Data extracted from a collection

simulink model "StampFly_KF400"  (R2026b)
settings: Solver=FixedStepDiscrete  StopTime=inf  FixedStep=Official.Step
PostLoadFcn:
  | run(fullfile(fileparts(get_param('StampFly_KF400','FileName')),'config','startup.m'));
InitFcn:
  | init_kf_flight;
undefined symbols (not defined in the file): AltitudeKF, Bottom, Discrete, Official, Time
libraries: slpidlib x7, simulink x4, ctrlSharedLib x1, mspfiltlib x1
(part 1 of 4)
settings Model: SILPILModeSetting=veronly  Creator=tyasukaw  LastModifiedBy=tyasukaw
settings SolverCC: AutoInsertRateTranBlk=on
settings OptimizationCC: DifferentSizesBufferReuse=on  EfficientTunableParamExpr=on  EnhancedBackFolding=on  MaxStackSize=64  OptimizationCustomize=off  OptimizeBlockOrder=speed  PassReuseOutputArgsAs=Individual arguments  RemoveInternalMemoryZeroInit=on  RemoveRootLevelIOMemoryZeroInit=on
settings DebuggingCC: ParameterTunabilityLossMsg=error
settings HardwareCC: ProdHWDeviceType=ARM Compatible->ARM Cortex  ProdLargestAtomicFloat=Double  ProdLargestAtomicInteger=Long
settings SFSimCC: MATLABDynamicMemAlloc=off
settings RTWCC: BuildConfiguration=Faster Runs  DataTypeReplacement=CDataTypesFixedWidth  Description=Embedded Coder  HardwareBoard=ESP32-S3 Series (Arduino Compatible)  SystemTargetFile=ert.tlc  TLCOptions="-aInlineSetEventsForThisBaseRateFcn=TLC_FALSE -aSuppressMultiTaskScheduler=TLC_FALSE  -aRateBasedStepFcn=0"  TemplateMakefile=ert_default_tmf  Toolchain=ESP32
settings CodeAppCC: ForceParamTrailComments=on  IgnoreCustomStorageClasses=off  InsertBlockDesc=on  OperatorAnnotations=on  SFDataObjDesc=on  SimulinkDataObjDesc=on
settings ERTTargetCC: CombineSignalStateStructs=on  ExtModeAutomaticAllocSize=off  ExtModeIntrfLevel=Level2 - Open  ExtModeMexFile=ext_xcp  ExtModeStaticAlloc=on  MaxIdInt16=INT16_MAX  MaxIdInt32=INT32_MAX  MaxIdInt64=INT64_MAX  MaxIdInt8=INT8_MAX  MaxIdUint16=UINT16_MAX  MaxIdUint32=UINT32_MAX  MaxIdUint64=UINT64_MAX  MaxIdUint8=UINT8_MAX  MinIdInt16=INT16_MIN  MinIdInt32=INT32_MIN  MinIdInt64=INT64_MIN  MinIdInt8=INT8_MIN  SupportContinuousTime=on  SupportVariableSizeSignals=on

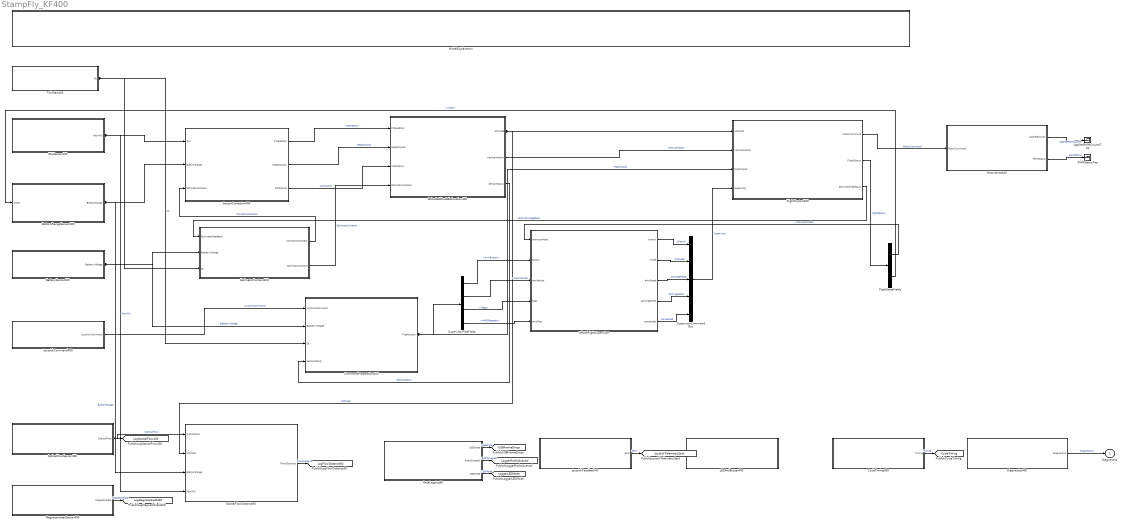
== system StampFly_KF400 ==
  AppliedPWMCountsTap : Terminator
  AttitudeAltitudeEstimation400 : Subsystem
      mask Display: disp('AttitudeAltitudeEstimation400');port_label('input',1,'FilteredIMU');port_label('input',2,'HeightInputs');port_label('input',3,'Calibration');port_label('input',4,'EstimatorContext');port_label('output',1,'Attitude');port_label('output',2,'VerticalMotion');port_label('output',3,'SensorStatus');
  BatterySensor400 : Subsystem
      mask Display: disp('BatterySensor400');port_label('output',1,'BatteryVoltage');
  BottomRangeSensor400 : Subsystem
      mask Display: disp('BottomRangeSensor400');port_label('input',1,'Mode');port_label('output',1,'BottomRange');
  CommandPreparation400 : Subsystem
      mask Display: disp('CommandPreparation400');port_label('input',1,'JoystickCommand');port_label('input',2,'BatteryVoltage');port_label('input',3,'Dt');port_label('input',4,'SensorStatus');port_label('output',1,'FlightInputs');
  CycleTiming400 : Subsystem
      mask Display: disp('CycleTiming400');port_label('output',1,'Timing');
  DataLogging50 : Subsystem
      mask Display: disp('DataLogging50');port_label('output',1,'USBDrops');port_label('output',2,'RadioQueued');port_label('output',3,'LEDMode');
  Diagnostics400 : Subsystem
      mask Display: disp('Diagnostics400');port_label('output',1,'Diagnostics');
  EstimatorContext400 : Subsystem
      mask Display: disp('EstimatorContext400');port_label('input',1,'EstimatorFeedback');port_label('input',2,'BatteryVoltage');port_label('input',3,'Dt');port_label('output',1,'CorrectionContext');port_label('output',2,'EstimatorContext');
  FlightControl400 : Subsystem
      mask Display: disp('FlightControl400');port_label('input',1,'Attitude');port_label('input',2,'VerticalMotion');port_label('input',3,'FlightInputs');port_label('input',4,'Supervisor');port_label('output',1,'MotorCommand');port_label('output',2,'FlightStatus');port_label('output',3,'EstimatorFeedback');
  FlightStateFields : BusSelector  OutputSignals=PreviousMode,Mode
  IMUSensor400 : Subsystem
      mask Display: disp('IMUSensor400');port_label('output',1,'RawIMU');
  JoystickCommand400 : Subsystem
      mask Display: disp('JoystickCommand400');port_label('output',1,'JoystickCommand');
  JoystickFeedback40 : Subsystem
      mask Display: disp('JoystickFeedback40');port_label('output',1,'Sent');
  LEDAndBuzzer400 : Subsystem
      mask Display: disp('LED・ブザー\n状態を表示')
  MagnetometerSensor400 : Subsystem
      mask Display: disp('MagnetometerSensor400');port_label('output',1,'MagneticField');
  ModelExplanation : Subsystem  Description=飛行成功版と等価性比較済み。学生が各機能を個別に編集できます。
      mask Display: disp(sprintf('StampFly IMU + Kalman Filter / 400 Hz\nセンサー取得 → 校正・前処理 → 標準の姿勢・高度推定 → PID → モーター\n飛行モードは最上位のStateflowで管理。下段は観測・記録・状態表示。'));
  MotorWrite400 : Subsystem
      mask Display: disp('MotorWrite400');port_label('input',1,'MotorCommand');port_label('output',1,'AppliedCounts');port_label('output',2,'PWMStatus');
  OfficialFlightSupervisor : Stateflow chart  Description=公式の待機・校正・飛行・着陸・通信断の状態遷移。Chart内部の状態と遷移は変更しない。  TreatAsAtomicUnit=on
  OpticalFlowDistance50 : Subsystem
      mask Display: disp('OpticalFlowDistance50');port_label('input',1,'OpticalFlow');port_label('input',2,'Attitude');port_label('input',3,'BottomRange');port_label('input',4,'RawIMU');port_label('output',1,'FlowDistance');
  OpticalFlowSensor400 : Subsystem
      mask Display: disp('OpticalFlowSensor400');port_label('output',1,'OpticalFlow');
  PWMStatusTap : Terminator
  SensorCorrection400 : Subsystem
      mask Display: disp('SensorCorrection400');port_label('input',1,'IMU');port_label('input',2,'BottomRange');port_label('input',3,'EstimatorContext');port_label('output',1,'FilteredIMU');port_label('output',2,'HeightInputs');port_label('output',3,'Calibration');
  SupervisorCommandBus : BusCreator  Inputs=5
  SupervisorPilotFields : BusSelector  OutputSignals=ArmButton,NewPacket,Flags,AHRSRequest
  TickStart400 : Subsystem
      mask Display: disp('TickStart400');port_label('output',1,'Dt');
  Diagnostics : Outport  OutDataTypeStr=Bus: OfficialDiagnosticBus  BusOutputAsStruct=on
  tag scope: CycleTiming=global, JoystickTelemetrySent=global, LogFlowDistance50=global, LogMagneticField400=global, LogOpticalFlow400=global, LoggerLEDMode=global, LoggerRadioQueued=global, USBFrameDrops=global
  wires:
  JoystickFeedback40/1(Sent) -> [JoystickTelemetrySent]  "Sent"
  CycleTiming400/1(Timing) -> [CycleTiming]  "Timing"
  AttitudeAltitudeEstimation400/2(VerticalMotion) -> FlightControl400/2(VerticalMotion)  "VerticalMotion"
  SensorCorrection400/1(FilteredIMU) -> AttitudeAltitudeEstimation400/1(FilteredIMU)  "FilteredIMU"
  SensorCorrection400/2(HeightInputs) -> AttitudeAltitudeEstimation400/2(HeightInputs)  "HeightInputs"
  SensorCorrection400/3(Calibration) -> AttitudeAltitudeEstimation400/3(Calibration)  "Calibration"
  Diagnostics400/1(Diagnostics) -> Diagnostics/1  "Diagnostics"
  DataLogging50/1(USBDrops) -> [USBFrameDrops]  "USBDrops"
  DataLogging50/2(RadioQueued) -> [LoggerRadioQueued]  "RadioQueued"
  DataLogging50/3(LEDMode) -> [LoggerLEDMode]  "LEDMode"
  SupervisorCommandBus/1 -> FlightControl400/4(Supervisor)  "Supervisor"
  OfficialFlightSupervisor/5(connected) -> SupervisorCommandBus/5  "Connected"
  OfficialFlightSupervisor/4(parkingReset) -> SupervisorCommandBus/4  "ParkingReset"
  OfficialFlightSupervisor/3(ahrsReset) -> SupervisorCommandBus/3  "AttitudeReset"
  OfficialFlightSupervisor/2(mode) -> SupervisorCommandBus/2  "PreMode"
  OfficialFlightSupervisor/1(branch) -> SupervisorCommandBus/1  "Branch"
  SupervisorPilotFields/4 -> OfficialFlightSupervisor/5(ahrsFlag)  "<AHRSRequest>"
  SupervisorPilotFields/3 -> OfficialFlightSupervisor/4(flags)  "<Flags>"
  SupervisorPilotFields/2 -> OfficialFlightSupervisor/3(newPacket)  "<NewPacket>"
  SupervisorPilotFields/1 -> OfficialFlightSupervisor/2(button)  "<ArmButton>"
  FlightStateFields/1 -> OfficialFlightSupervisor/1(previousMode)  "<PreviousMode>"
  FlightControl400/2(FlightStatus) -> FlightStateFields/1  "FlightStatus"
  FlightStateFields/2 -> BottomRangeSensor400/1(Mode)  "<Mode>"
  FlightControl400/1(MotorCommand) -> MotorWrite400/1(MotorCommand)  "MotorCommand"
  MotorWrite400/1(AppliedCounts) -> AppliedPWMCountsTap/1  "AppliedPWMCounts"
  MotorWrite400/2(PWMStatus) -> PWMStatusTap/1  "PWMStatus"
  AttitudeAltitudeEstimation400/3(SensorStatus) -> CommandPreparation400/4(SensorStatus)  "SensorStatus"
  CommandPreparation400/1(FlightInputs) -> SupervisorPilotFields/1, FlightControl400/3(FlightInputs)  "FlightInputs"
  TickStart400/1(Dt) -> EstimatorContext400/3(Dt), CommandPreparation400/3(Dt)  "Dt"
  BatterySensor400/1(BatteryVoltage) -> EstimatorContext400/2(BatteryVoltage), CommandPreparation400/2(BatteryVoltage)  "BatteryVoltage"
  JoystickCommand400/1(JoystickCommand) -> CommandPreparation400/1(JoystickCommand)  "JoystickCommand"
  EstimatorContext400/1(CorrectionContext) -> SensorCorrection400/3(EstimatorContext)  "CorrectionContext"
  FlightControl400/3(EstimatorFeedback) -> EstimatorContext400/1(EstimatorFeedback)  "EstimatorFeedback"
  EstimatorContext400/2(EstimatorContext) -> AttitudeAltitudeEstimation400/4(EstimatorContext)  "EstimatorContext"
  BottomRangeSensor400/1(BottomRange) -> SensorCorrection400/2(BottomRange), OpticalFlowDistance50/3(BottomRange)  "BottomRange"
  OpticalFlowSensor400/1(OpticalFlow) -> [LogOpticalFlow400], OpticalFlowDistance50/1(OpticalFlow)  "OpticalFlow"
  IMUSensor400/1(RawIMU) -> OpticalFlowDistance50/4(RawIMU), SensorCorrection400/1(IMU)  "RawIMU"
  AttitudeAltitudeEstimation400/1(Attitude) -> FlightControl400/1(Attitude), OpticalFlowDistance50/2(Attitude)  "Attitude"
  OpticalFlowDistance50/1(FlowDistance) -> [LogFlowDistance50]  "FlowDistance"
  MagnetometerSensor400/1(MagneticField) -> [LogMagneticField400]  "MagneticField"

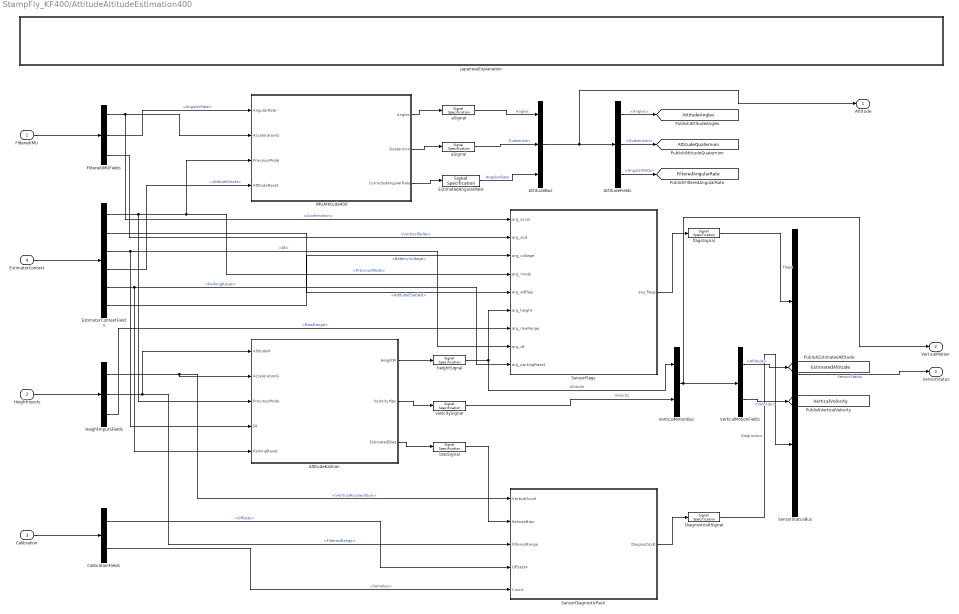
== system StampFly_KF400/AttitudeAltitudeEstimation400 ==
  FilteredIMU : Inport
  HeightInputs : Inport  Port=2
  Calibration : Inport  Port=3
  EstimatorContext : Inport  Port=4
  AltitudeKalman : Subsystem  Description=Standard time-varying altitude Kalman Filter. State [velocity;height;bias]. Current dt/az timing, original mode hold and private-state-retaining parking reset are preserved.  TreatAsAtomicUnit=on
  AttitudeBus : BusCreator  Inputs=3
  AttitudeFields : BusSelector  OutputSignals=Angles,Quaternion,AngularRate
  CalibrationFields : BusSelector  OutputSignals=Offsets,Samples
  Diagnostics8Signal : SignalSpecification  OutDataTypeStr=single  Dimensions=8
  EstimatedAngularRate : SignalSpecification  OutDataTypeStr=single  Dimensions=3
  EstimatorContextFields : BusSelector  OutputSignals=PreviousMode,AltitudeEnabled,Dt,AttitudeReset,ParkingReset,BatteryVoltage
  FilteredIMUFields : BusSelector  OutputSignals=Acceleration,AngularRate,VerticalDelta
  HeightInputsFields : BusSelector  OutputSignals=VerticalAcceleration,FilteredRange,RawRange
  IMUAttitude400 : Subsystem  Description=Standard IMU Filter: NED frame, 400 Hz, attitude and residual-bias-corrected gyro. Startup calibration, mode gating and flight conventions are retained.
  JapaneseExplanation : Subsystem  Description=|
      | 姿勢・高度推定 / 400 Hz
      | IMU Filterで姿勢・補正済み角速度、標準Kalman Filterで高度・鉛直速度を推定。
      | 加速度の単位・ToF前処理・PIDは飛行成功IMU版と共通。
      mask Display: disp(sprintf('姿勢・高度推定 / 400 Hz\nIMU Filterで姿勢・補正済み角速度、標準Kalman Filterで高度・鉛直速度を推定。\n加速度の単位・ToF前処理・PIDは飛行成功IMU版と共通。'));
  SensorDiagnosticPack : Subsystem  Description=記録用にまとめる
  SensorFlags : MATLAB Function  Description=距離異常・過加速度・低電圧  TreatAsAtomicUnit=on
  SensorStatusBus : BusCreator  Inputs=2
  VerticalMotionBus : BusCreator  Inputs=2
  VerticalMotionFields : BusSelector  OutputSignals=Altitude,Velocity
  aSignal : SignalSpecification  OutDataTypeStr=single  Dimensions=3
  biasSignal : SignalSpecification  OutDataTypeStr=single  Dimensions=1
  flagsSignal : SignalSpecification  OutDataTypeStr=uint8  Dimensions=3
  heightSignal : SignalSpecification  OutDataTypeStr=single  Dimensions=1
  qSignal : SignalSpecification  OutDataTypeStr=single  Dimensions=4
  velocitySignal : SignalSpecification  OutDataTypeStr=single  Dimensions=1
  Attitude : Outport
  VerticalMotion : Outport  Port=2
  SensorStatus : Outport  Port=3
  tag scope: AttitudeAngles=global, AttitudeQuaternion=global, EstimatedAltitude=global, FilteredAngularRate=global, VerticalVelocity=global
  wires:
  SensorDiagnosticPack/1(Diagnostics8) -> Diagnostics8Signal/1
  EstimatorContext/1 -> EstimatorContextFields/1
  HeightInputs/1 -> HeightInputsFields/1
  Calibration/1 -> CalibrationFields/1
  FilteredIMU/1 -> FilteredIMUFields/1
  EstimatorContextFields/6 -> SensorFlags/3(arg_voltage)  "<BatteryVoltage>"
  FilteredIMUFields/2 -> IMUAttitude400/1(AngularRate)  "<AngularRate>"
  EstimatorContextFields/2 -> SensorFlags/5(arg_altFlag)  "<AltitudeEnabled>"
  FilteredIMUFields/1 -> SensorFlags/1(arg_accel), IMUAttitude400/2(AccelerationG)  "<Acceleration>"
  FilteredIMUFields/3 -> SensorFlags/2(arg_azd)  "<VerticalDelta>"
  EstimatorContextFields/4 -> IMUAttitude400/4(AttitudeReset)  "<AttitudeReset>"
  IMUAttitude400/3(CorrectedAngularRate) -> EstimatedAngularRate/1
  HeightInputsFields/3 -> SensorFlags/7(arg_rawRange)  "<RawRange>"
  IMUAttitude400/1(Angles) -> aSignal/1
  IMUAttitude400/2(Quaternion) -> qSignal/1
  SensorFlags/1(arg_flags) -> flagsSignal/1
  aSignal/1 -> AttitudeBus/1  "Angles"
  AttitudeFields/1 -> [AttitudeAngles]  "<Angles>"
  EstimatedAngularRate/1 -> AttitudeBus/3  "AngularRate"
  qSignal/1 -> AttitudeBus/2  "Quaternion"
  VerticalMotionBus/1 -> VerticalMotionFields/1, VerticalMotion/1
  Diagnostics8Signal/1 -> SensorStatusBus/2  "Diagnostics"
  AttitudeFields/2 -> [AttitudeQuaternion]  "<Quaternion>"
  CalibrationFields/1 -> SensorDiagnosticPack/4(Offsets4)  "<Offsets>"
  AttitudeFields/3 -> [FilteredAngularRate]  "<AngularRate>"
  AttitudeBus/1 -> AttitudeFields/1, Attitude/1
  CalibrationFields/2 -> SensorDiagnosticPack/5(Count)  "<Samples>"
  flagsSignal/1 -> SensorStatusBus/1  "Flags"
  VerticalMotionFields/1 -> [EstimatedAltitude]  "<Altitude>"
  VerticalMotionFields/2 -> [VerticalVelocity]  "<Velocity>"
  SensorStatusBus/1 -> SensorStatus/1  "SensorStatus"
  AltitudeKalman/2(VelocityMps) -> velocitySignal/1
  AltitudeKalman/1(HeightM) -> heightSignal/1
  AltitudeKalman/3(EstimatedBias) -> biasSignal/1
  biasSignal/1 -> SensorDiagnosticPack/2(KalmanBias)
  velocitySignal/1 -> VerticalMotionBus/2  "Velocity"
  heightSignal/1 -> VerticalMotionBus/1, SensorFlags/6(arg_height)  "Altitude"
  EstimatorContextFields/3 -> AltitudeKalman/4(Dt), SensorFlags/8(arg_dt)  "<Dt>"
  HeightInputsFields/2 -> AltitudeKalman/1(AltitudeM), SensorDiagnosticPack/3(FilteredRange)  "<FilteredRange>"
  EstimatorContextFields/1 -> IMUAttitude400/3(PreviousMode), SensorFlags/4(arg_mode), AltitudeKalman/3(PreviousMode)  "<PreviousMode>"
  EstimatorContextFields/5 -> SensorFlags/9(arg_parkingReset), AltitudeKalman/5(ParkingReset)  "<ParkingReset>"
  HeightInputsFields/1 -> AltitudeKalman/2(AccelerationG), SensorDiagnosticPack/1(VerticalAccel)  "<VerticalAcceleration>"

== system StampFly_KF400/BatterySensor400 ==
  Battery400 : MATLABSystem  Description=電池電圧：I2C読出しはcore0。400 Hz側は最新値と100 ms以内の有効性を返し、待たない。  Priority=4  System=official.Battery400  SampleTime=Official.Step  SimulateUsing=Code generation
      mask Type: official.Battery400
  BatteryVoltage : Outport
  tag scope: BatteryReadValid=global, BatteryVoltage=global
  wires:
  Battery400/2 -> [BatteryReadValid]  "BatteryValid"
  Battery400/1 -> BatteryVoltage/1, [BatteryVoltage]  "BatteryVoltage"

== system StampFly_KF400/BottomRangeSensor400 ==
  Mode : Inport
  BottomRangeFields : BusSelector  OutputSignals=DistanceMm,Fresh
  BottomToF400 : Subsystem
  JapaneseExplanation : Subsystem  Description=|
      | 下向きToFの取得
      | VL53L3CXは測定準備完了時に読み出し、400 Hz側では最新値を保持します。
      | BottomRange = DistanceMm[int16] + Fresh[uint8]。元の前周期モード参照も保持。
      | 前向きToFは無効。Optical Flowは未実装。
      mask Display: disp('下向きToFの取得\nVL53L3CXは測定準備完了時に読み出し、400 Hz側では最新値を保持します。\nBottomRange = DistanceMm[int16] + Fresh[uint8]。元の前周期モード参照も保持。\n前向きToFは無効。Optical Flowは未実装。')
  RangeDiagnosticsFields : BusSelector  OutputSignals=FrontDistanceMm,Status,Info
  BottomRange : Outport
  tag scope: BottomDistanceMm=global, BottomRangeFresh=global, BottomRangeStatus=global, BottomToFDiagnostics=global, UnusedFrontRangeMm=global
  wires:
  Mode/1 -> BottomToF400/1(FinalMode)
  BottomRangeFields/2 -> [BottomRangeFresh]  "<Fresh>"
  BottomRangeFields/1 -> [BottomDistanceMm]  "<DistanceMm>"
  BottomToF400/2(RangeDiagnostics) -> RangeDiagnosticsFields/1  "RangeDiagnostics"
  BottomToF400/1(BottomRange) -> BottomRange/1, BottomRangeFields/1  "BottomRange"
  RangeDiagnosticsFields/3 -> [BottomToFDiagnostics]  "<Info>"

_WORK REQUEST_: Please write out, exactly as they appear above, only the lines in the stretch from the line with "OpticalFlowSensor400 : Subsystem" through the line with "mask Display: disp('TickStart400');port_label('output',1,'Dt');".

_ANSWER SPACE_:
  OpticalFlowSensor400 : Subsystem
      mask Display: disp('OpticalFlowSensor400');port_label('output',1,'OpticalFlow');
  PWMStatusTap : Terminator
  SensorCorrection400 : Subsystem
      mask Display: disp('SensorCorrection400');port_label('input',1,'IMU');port_label('input',2,'BottomRange');port_label('input',3,'EstimatorContext');port_label('output',1,'FilteredIMU');port_label('output',2,'HeightInputs');port_label('output',3,'Calibration');
  SupervisorCommandBus : BusCreator  Inputs=5
  SupervisorPilotFields : BusSelector  OutputSignals=ArmButton,NewPacket,Flags,AHRSRequest
  TickStart400 : Subsystem
      mask Display: disp('TickStart400');port_label('output',1,'Dt');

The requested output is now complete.